Cross posted from The Horse You Rode In On
I guess he’s rich, but poor Dan Rather.
Demoted, shoved aside, reviled by a hundred pontificating editorialists and columnists – gatekeepers of the fourth estate who took time out from toadying to Karl Rove and helping Bush/Cheney lie repeatedly and catastrophically to the American people – to condemn Dan for failing to make absolutely certain that his producers had made absolutely certain about the authenticity of a couple of documents.
None of the posturing pontificators even suggested that the documents did not exist – just that these were not the originals, which Bush and family and friends and politically sensitive commanders had taken pains to destroy. Meantime, a bloody war had been launched by the draft dodgers based on forged documents and twisted intelligence, aided and abetted by a docile, largely uncritical press corps.

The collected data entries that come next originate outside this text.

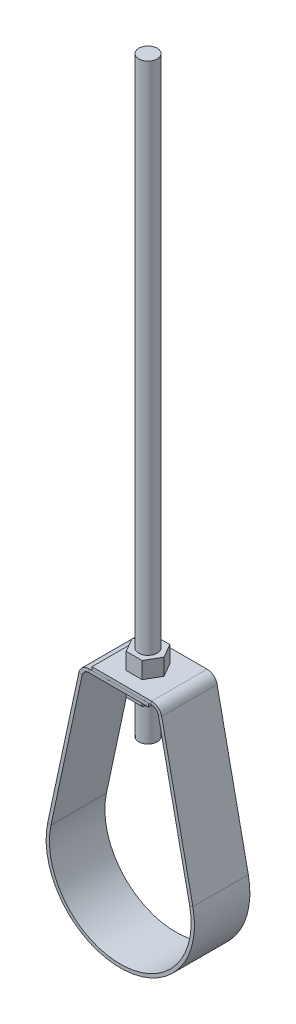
ISO-10303-21;
HEADER;
FILE_DESCRIPTION(('STEP AP214'),'2;1');
FILE_NAME('part.step','',(''),(''),'','','');
FILE_SCHEMA(('AUTOMOTIVE_DESIGN { 1 0 10303 214 1 1 1 1 }'));
ENDSEC;
DATA;
#1=APPLICATION_CONTEXT('core data for automotive mechanical design processes');
#2=APPLICATION_PROTOCOL_DEFINITION('international standard','automotive_design',2000,#1);
#3=PRODUCT_CONTEXT('',#1,'mechanical');
#4=PRODUCT('Part','Part','',(#3));
#5=PRODUCT_RELATED_PRODUCT_CATEGORY('part','',(#4));
#6=PRODUCT_DEFINITION_FORMATION('','',#4);
#7=PRODUCT_DEFINITION_CONTEXT('part definition',#1,'design');
#8=PRODUCT_DEFINITION('design','',#6,#7);
#9=PRODUCT_DEFINITION_SHAPE('','',#8);
#10=(LENGTH_UNIT() NAMED_UNIT(*) SI_UNIT(.MILLI.,.METRE.));
#11=(NAMED_UNIT(*) PLANE_ANGLE_UNIT() SI_UNIT($,.RADIAN.));
#12=(NAMED_UNIT(*) SI_UNIT($,.STERADIAN.) SOLID_ANGLE_UNIT());
#13=UNCERTAINTY_MEASURE_WITH_UNIT(LENGTH_MEASURE(1.E-05),#10,'distance_accuracy_value','');
#14=(GEOMETRIC_REPRESENTATION_CONTEXT(3) GLOBAL_UNCERTAINTY_ASSIGNED_CONTEXT((#13)) GLOBAL_UNIT_ASSIGNED_CONTEXT((#10,
#11,#12)) REPRESENTATION_CONTEXT('',''));
#15=CARTESIAN_POINT('',(0.,0.,0.));
#16=DIRECTION('',(0.,0.,1.));
#17=DIRECTION('',(1.,0.,0.));
#18=AXIS2_PLACEMENT_3D('',#15,#16,#17);
#19=CARTESIAN_POINT('',(0.,362.66628,0.));
#20=DIRECTION('',(0.,1.,0.));
#21=DIRECTION('',(0.,0.,1.));
#22=AXIS2_PLACEMENT_3D('',#19,#20,#21);
#23=PLANE('',#22);
#24=CARTESIAN_POINT('',(0.,362.66628,0.));
#25=DIRECTION('',(0.,-1.,0.));
#26=DIRECTION('',(0.,0.,-1.));
#27=AXIS2_PLACEMENT_3D('',#24,#25,#26);
#28=CIRCLE('',#27,4.7625);
#29=CARTESIAN_POINT('',(0.,362.66628,-4.7625));
#30=VERTEX_POINT('',#29);
#31=EDGE_CURVE('E11',#30,#30,#28,.T.);
#32=ORIENTED_EDGE('',*,*,#31,.F.);
#33=EDGE_LOOP('',(#32));
#34=FACE_BOUND('',#33,.T.);
#35=ADVANCED_FACE('F47',(#34),#23,.T.);
#36=CARTESIAN_POINT('',(0.,0.,0.));
#37=DIRECTION('',(0.,-1.,0.));
#38=DIRECTION('',(0.,0.,-1.));
#39=AXIS2_PLACEMENT_3D('',#36,#37,#38);
#40=CYLINDRICAL_SURFACE('',#39,4.7625);
#41=ORIENTED_EDGE('',*,*,#31,.T.);
#42=EDGE_LOOP('',(#41));
#43=FACE_BOUND('',#42,.T.);
#44=CARTESIAN_POINT('',(0.,57.86628,0.));
#45=DIRECTION('',(0.,-1.,0.));
#46=DIRECTION('',(0.,0.,-1.));
#47=AXIS2_PLACEMENT_3D('',#44,#45,#46);
#48=CIRCLE('',#47,4.7625);
#49=CARTESIAN_POINT('',(0.,57.86628,-4.7625));
#50=VERTEX_POINT('',#49);
#51=EDGE_CURVE('E53',#50,#50,#48,.T.);
#52=ORIENTED_EDGE('',*,*,#51,.F.);
#53=EDGE_LOOP('',(#52));
#54=FACE_BOUND('',#53,.T.);
#55=ADVANCED_FACE('F61',(#43,#54),#40,.T.);
#56=CARTESIAN_POINT('',(0.,57.86628,0.));
#57=DIRECTION('',(0.,-1.,0.));
#58=DIRECTION('',(0.,0.,-1.));
#59=AXIS2_PLACEMENT_3D('',#56,#57,#58);
#60=PLANE('',#59);
#61=ORIENTED_EDGE('',*,*,#51,.T.);
#62=EDGE_LOOP('',(#61));
#63=FACE_BOUND('',#62,.T.);
#64=ADVANCED_FACE('F59',(#63),#60,.T.);
#65=CLOSED_SHELL('',(#35,#55,#64));
#66=MANIFOLD_SOLID_BREP('B2',#65);
#67=CARTESIAN_POINT('',(8.24155962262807,85.47608,0.));
#68=DIRECTION('',(0.,1.,0.));
#69=DIRECTION('',(0.,0.,1.));
#70=AXIS2_PLACEMENT_3D('',#67,#68,#69);
#71=PLANE('',#70);
#72=DIRECTION('',(0.5,0.,-0.866025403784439));
#73=VECTOR('',#72,1.);
#74=CARTESIAN_POINT('',(4.12077981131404,85.47608,7.1374));
#75=LINE('',#74,#73);
#76=CARTESIAN_POINT('',(4.12077981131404,85.47608,7.1374));
#77=VERTEX_POINT('',#76);
#78=CARTESIAN_POINT('',(8.24155962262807,85.47608,0.));
#79=VERTEX_POINT('',#78);
#80=EDGE_CURVE('E208',#77,#79,#75,.T.);
#81=ORIENTED_EDGE('',*,*,#80,.T.);
#82=DIRECTION('',(-0.5,0.,-0.866025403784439));
#83=VECTOR('',#82,1.);
#84=CARTESIAN_POINT('',(8.24155962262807,85.47608,0.));
#85=LINE('',#84,#83);
#86=CARTESIAN_POINT('',(4.12077981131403,85.47608,-7.1374));
#87=VERTEX_POINT('',#86);
#88=EDGE_CURVE('E166',#79,#87,#85,.T.);
#89=ORIENTED_EDGE('',*,*,#88,.T.);
#90=DIRECTION('',(-1.,0.,0.));
#91=VECTOR('',#90,1.);
#92=CARTESIAN_POINT('',(4.12077981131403,85.47608,-7.1374));
#93=LINE('',#92,#91);
#94=CARTESIAN_POINT('',(-4.12077981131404,85.47608,-7.1374));
#95=VERTEX_POINT('',#94);
#96=EDGE_CURVE('E179',#87,#95,#93,.T.);
#97=ORIENTED_EDGE('',*,*,#96,.T.);
#98=DIRECTION('',(-0.5,0.,0.866025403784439));
#99=VECTOR('',#98,1.);
#100=CARTESIAN_POINT('',(-4.12077981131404,85.47608,-7.1374));
#101=LINE('',#100,#99);
#102=CARTESIAN_POINT('',(-8.24155962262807,85.47608,0.));
#103=VERTEX_POINT('',#102);
#104=EDGE_CURVE('E173',#95,#103,#101,.T.);
#105=ORIENTED_EDGE('',*,*,#104,.T.);
#106=DIRECTION('',(0.5,0.,0.866025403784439));
#107=VECTOR('',#106,1.);
#108=CARTESIAN_POINT('',(-8.24155962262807,85.47608,0.));
#109=LINE('',#108,#107);
#110=CARTESIAN_POINT('',(-4.12077981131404,85.47608,7.1374));
#111=VERTEX_POINT('',#110);
#112=EDGE_CURVE('E177',#103,#111,#109,.T.);
#113=ORIENTED_EDGE('',*,*,#112,.T.);
#114=DIRECTION('',(1.,0.,0.));
#115=VECTOR('',#114,1.);
#116=CARTESIAN_POINT('',(-4.12077981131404,85.47608,7.1374));
#117=LINE('',#116,#115);
#118=EDGE_CURVE('E129',#111,#77,#117,.T.);
#119=ORIENTED_EDGE('',*,*,#118,.T.);
#120=EDGE_LOOP('',(#81,#89,#97,#105,#113,#119));
#121=FACE_BOUND('',#120,.T.);
#122=CARTESIAN_POINT('',(0.,85.47608,0.));
#123=DIRECTION('',(0.,1.,0.));
#124=DIRECTION('',(0.,0.,1.));
#125=AXIS2_PLACEMENT_3D('',#122,#123,#124);
#126=CIRCLE('',#125,3.96875);
#127=CARTESIAN_POINT('',(0.,85.47608,3.96875));
#128=VERTEX_POINT('',#127);
#129=EDGE_CURVE('E201',#128,#128,#126,.T.);
#130=ORIENTED_EDGE('',*,*,#129,.F.);
#131=EDGE_LOOP('',(#130));
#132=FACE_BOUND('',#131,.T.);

No one seriously maintained that the story Dan reported was not true. Nor that the eye-witnesses to Bush’s draft evasion and kissing off Air National Guard duties were less than credible.
Clearly, the entire story was true.
But what has truth got to do with high-minded principles of journalism such as lab-testing documents and kissing ass to make sure you get access to interviews with high officials whom you know for a fact are cynically using you to spread more lies to readers or viewers who haven’t yet noticed that you are not to be trusted.
Poor Dan. He told the truth, and he lost his job — while many of his hypocritical colleagues were losing their souls.
It’s hard to see how he can win his $70 million suit, but I hope he wins it at least for a dollar, or that it gets far enough to get Bush on the stand and cross-examine him on every aspect of his sorry history that his family has thus far managed to hush up.
It could happen. The suit could easily go on until Bush leaves office and loses some of the stonewalling powers now baffling Congress.
Let’s help Bush flesh out his legacy, adding his early signs of corruption to the high crimes and misdemeanors for which historians will mainly remember him, even as they honor Dan Rather for being one of very few journalists who in those dark times were willing, despite the risks, to deal in realities.